Is Wide I/O a game changer?
I was recently writing an article about an emerging technology for silicon die stacking — often referred to as 3D ICs. The promise is that instead of trying to squeeze everything onto a single die, you can use multiple dies. Each die may use a different fabrication technology optimized for that particular type of circuitry, such as memory, logic, analog, sensors etc. The dies are connected using Through Silicon Vias (TSVs), much the same as vias on a printed circuit board (PCB).
Most of the companies using this technology today have not yet combined the functional dies with TSVs. Instead they are using an interposer that acts just like a PCB. It performs the routing between the functional dies, but does not contain active components itself.
While there are some trials and tribulations associated with any emerging technology, there are some significant advantages, as well. Xilinx estimates that the new Virtex-7 devices have a hundredfold improvement in die-to-die connectivity bandwidth per watt with one-fifth the latency. Memory technology is seeing very significant gains by using this technology to the fullest. In a Synopsys paper¹ they discuss the recently announced Micron DRAM Hybrid Memory Cube (HMC). The memory die stack sits on top of a small logic die, which takes care of buffering and routing from/to the memory banks. The HMC delivers 15X higher bandwidth vs. DDR3 (120 GBps) using 70% less power in one-tenth the silicon real estate of existing technologies.
These gains are not just because of the reduced load caused by the packaging and board-level parametrics, but also because average wire lengths can be reduced by using a 3D space instead of 2D. It will require considerable advances in EDA tools to be able to perform automatic place and route in three dimensions, but that is only a matter of time and improved algorithms.
But it doesn’t stop there. JEDEC recently announced a new standard called Wide I/O for connection of memory to processor. Cadence² notes that the current wide I/O DRAM standard specifies 4 128-bit channels, providing a 512-bit interface to DRAM. It uses a 200 MHz single data rate (SDR) and provides 100 Gbit/s bandwidth. Current expectations are that it will provide close to a 50% power reduction compared to LPDDR3, the next-generation mobile DRAM standard, in a dual-channel configuration. It is also expected that future wide I/O standards will provide faster data rates and may boost bandwidth to as high as 2 Terabits/second.
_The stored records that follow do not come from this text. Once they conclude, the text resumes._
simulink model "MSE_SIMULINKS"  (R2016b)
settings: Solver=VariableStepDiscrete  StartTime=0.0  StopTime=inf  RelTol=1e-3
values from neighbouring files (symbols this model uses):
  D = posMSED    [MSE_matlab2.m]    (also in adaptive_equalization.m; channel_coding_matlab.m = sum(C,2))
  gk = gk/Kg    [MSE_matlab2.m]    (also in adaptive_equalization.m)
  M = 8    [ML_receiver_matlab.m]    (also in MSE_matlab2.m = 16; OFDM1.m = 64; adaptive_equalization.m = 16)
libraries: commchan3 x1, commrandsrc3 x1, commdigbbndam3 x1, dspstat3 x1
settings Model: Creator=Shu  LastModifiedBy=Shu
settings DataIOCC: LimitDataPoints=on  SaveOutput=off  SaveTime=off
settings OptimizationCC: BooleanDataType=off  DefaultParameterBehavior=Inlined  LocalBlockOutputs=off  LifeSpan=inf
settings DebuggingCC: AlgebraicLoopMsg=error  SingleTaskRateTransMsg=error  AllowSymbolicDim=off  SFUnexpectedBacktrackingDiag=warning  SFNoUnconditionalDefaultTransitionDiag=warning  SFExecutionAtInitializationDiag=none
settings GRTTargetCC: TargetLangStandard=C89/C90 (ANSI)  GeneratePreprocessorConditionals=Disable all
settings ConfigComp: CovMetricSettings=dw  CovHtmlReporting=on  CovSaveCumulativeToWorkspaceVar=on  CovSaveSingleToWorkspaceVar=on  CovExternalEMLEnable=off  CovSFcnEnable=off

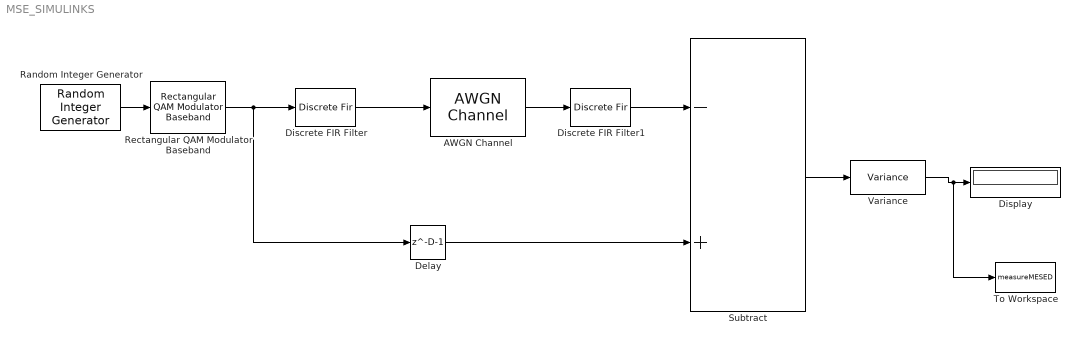
== system MSE_SIMULINKS ==
  AWGN Channel : commchan3/AWGN Channel  InputProcessing=Columns as channels (frame based)  seed=67  noiseMode="Signal to noise ratio  (SNR)"  EbNodB=10  EsNodB=10  SNRdB=SNRdB  bitsPerSym=1  Ps=2*(M-1)/3  Tsym=1  variance=1
  Delay : Delay  DelayLength=D-1  InitialCondition=0
  Discrete FIR Filter : DiscreteFir  Coefficients=gk  InputProcessing=Columns as channels (frame based)
  Discrete FIR Filter1 : DiscreteFir  Coefficients=coptD.'  InputProcessing=Columns as channels (frame based)
  Display : Display
  Random Integer Generator : commrandsrc3/Random Integer Generator  SetSize=M  SeedSource=Auto  Seed=0  SampleTime=1  SamplesPerFrame=1  OutputDataType=double  SimulateUsing=Interpreted execution
  Rectangular QAM Modulator Baseband : commdigbbndam3/Rectangular QAM Modulator Baseband  M=M  InType=Integer  Enc=Gray  Mapping=[0:15]  PowType=Min. distance between symbols  MinDist=2  AvgPow=1  PeakPow=1  Ph=0  outDtype=double  outWordLen=16  outUDDataType=sfix(16)  outFracLenMode=Best precision  outFracLen=15  outDataTypeStr=double  outLastDataTypeStr=double
  Subtract : Sum  Inputs=-+
  To Workspace : ToWorkspace  VariableName=measureMESED  SampleTime=-1
      settings: MaxDataPoints=1
  Variance : dspstat3/Variance  run=on  reset_popup=None  InputProcessing=Columns as channels (frame based)  directionMode=Each column  dimension=1  roiEnable=off  roiType=Rectangles  roiPortion=Entire ROI  roiOutput=Individual statistics for each ROI  roiFlag=off  roundingMode=Floor  overflowMode=off
  wires:
  Random Integer Generator/1 -> Rectangular QAM Modulator Baseband/1
  Rectangular QAM Modulator Baseband/1 -> Delay/1, Discrete FIR Filter/1
  Discrete FIR Filter/1 -> AWGN Channel/1
  AWGN Channel/1 -> Discrete FIR Filter1/1
  Discrete FIR Filter1/1 -> Subtract/1
  Delay/1 -> Subtract/2
  Subtract/1 -> Variance/1
  Variance/1 -> To Workspace/1, Display/1
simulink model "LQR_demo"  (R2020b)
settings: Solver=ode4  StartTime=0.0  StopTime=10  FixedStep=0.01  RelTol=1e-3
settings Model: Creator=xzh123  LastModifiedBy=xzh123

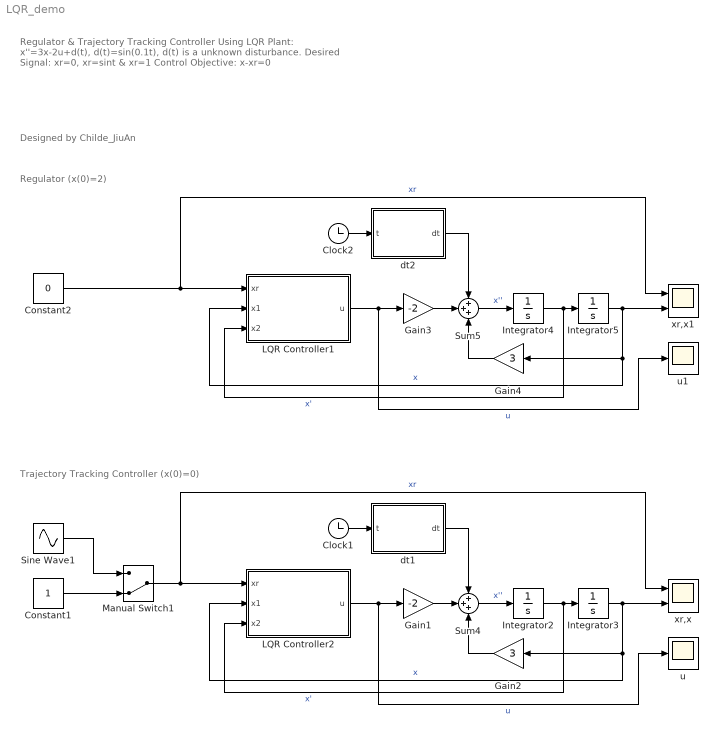
== system LQR_demo ==
  note: Trajectory Tracking Controller (x(0)=0)
  note: Designed by Childe_JiuAn
  note: Regulator & Trajectory Tracking Controller Using LQR
      |
      | Plant: x''=3x-2u+d(t), d(t)=sin(0.1t), d(t) is a unknown disturbance.
      |
      | Desired Signal: xr=0, xr=sint & xr=1
      |
      | Control Objective: x-xr=0
  note: Regulator (x(0)=2)
  Clock1 : Clock
  Clock2 : Clock
  Constant1 : Constant
  Constant2 : Constant  Value=0
  Gain1 : Gain  Gain=-2
  Gain2 : Gain  Gain=3
  Gain3 : Gain  Gain=-2
  Gain4 : Gain  Gain=3
  Integrator2 : Integrator
  Integrator3 : Integrator
  Integrator4 : Integrator
  Integrator5 : Integrator  InitialCondition=2
  LQR Controller1 : MATLAB Function  TreatAsAtomicUnit=on
  LQR Controller2 : MATLAB Function  TreatAsAtomicUnit=on
  Manual Switch1 : ManualSwitch  CurrentSetting=0
  Sine Wave1 : Sin  Frequency=3  SampleTime=0
  Sum4 : Sum  Inputs=+++
  Sum5 : Sum  Inputs=+++
  dt1 : MATLAB Function  TreatAsAtomicUnit=on
  dt2 : MATLAB Function  TreatAsAtomicUnit=on
  u : Scope
  u1 : Scope
  xr,x : Scope  NumInputPorts=2
  xr,x1 : Scope  NumInputPorts=2
  wires:
  Constant1/1 -> Manual Switch1/2
  Sine Wave1/1 -> Manual Switch1/1
  LQR Controller2/1(u) -> u/1, Gain1/1  "u"
  Integrator3/1 -> LQR Controller2/2(x1), Gain2/1, xr,x/2  "x"
  Sum4/1 -> Integrator2/1  "x''"
  Gain1/1 -> Sum4/2
  Integrator2/1 -> LQR Controller2/3(x2), Integrator3/1  "x'"
  Clock1/1 -> dt1/1(t)
  Gain2/1 -> Sum4/3
  Manual Switch1/1 -> xr,x/1, LQR Controller2/1(xr)  "xr"
  dt1/1(dt) -> Sum4/1
  dt2/1(dt) -> Sum5/1
  Constant2/1 -> xr,x1/1, LQR Controller1/1(xr)  "xr"
  Gain3/1 -> Sum5/2
  Sum5/1 -> Integrator4/1  "x''"
  Gain4/1 -> Sum5/3
  Clock2/1 -> dt2/1(t)
  LQR Controller1/1(u) -> u1/1, Gain3/1  "u"
  Integrator4/1 -> LQR Controller1/3(x2), Integrator5/1  "x'"
  Integrator5/1 -> LQR Controller1/2(x1), Gain4/1, xr,x1/2  "x"

== matlab function LQR_demo/LQR Controller1 ==
  data: xr input; u output; x1 input; x2 input
function u = LQR(xr,x1,x2)

% state space
 A = [0 1;
      3 0];
 B = [0;
     -2];

 % weight matrix
 Q = [100 0
      0   1];
 R = 0.01;
 
 % control law
 coder.extrinsic('lqr');
 K = zeros(1,2);
 K = lqr(A,B,Q,R);
 u = 0;
 u = -K(1)*x1-K(2)*x2;
end

== matlab function LQR_demo/dt1 ==
  data: t input; dt output
function dt = fcn(t)

d=sin(0.1*t);

== matlab function LQR_demo/dt2 ==
  data: t input; dt output
function dt = fcn(t)

d=sin(0.1*t);

== matlab function LQR_demo/LQR Controller2 ==
  data: xr input; u output; x1 input; x2 input
function u = LQR(xr,x1,x2)

% state space
 A = [0 1;
      3 0];
 B = [0;
     -2];

 % weight matrix
 Q = [100 0
      0   1];
 R = 0.01;
 
 % control law
 coder.extrinsic('lqr');
 K = zeros(1,2);
 K = lqr(A,B,Q,R);
 u = 0;
 u = -K(1)*x1-K(2)*x2+(3/2+K(1))*xr;
end

Let us stop and think about this for a moment. In the past, we have designed systems where there is an expectation of slow communications between functional blocks. Processing is cheap, communications is expensive in terms of both performance and power. We see the results of that in the way we architect systems and the interfaces that connect IP blocks together. What may be possible if that equation changes and communications becomes much cheaper. Sure we will see systems get faster, but can we rethink some things at a more fundamental level?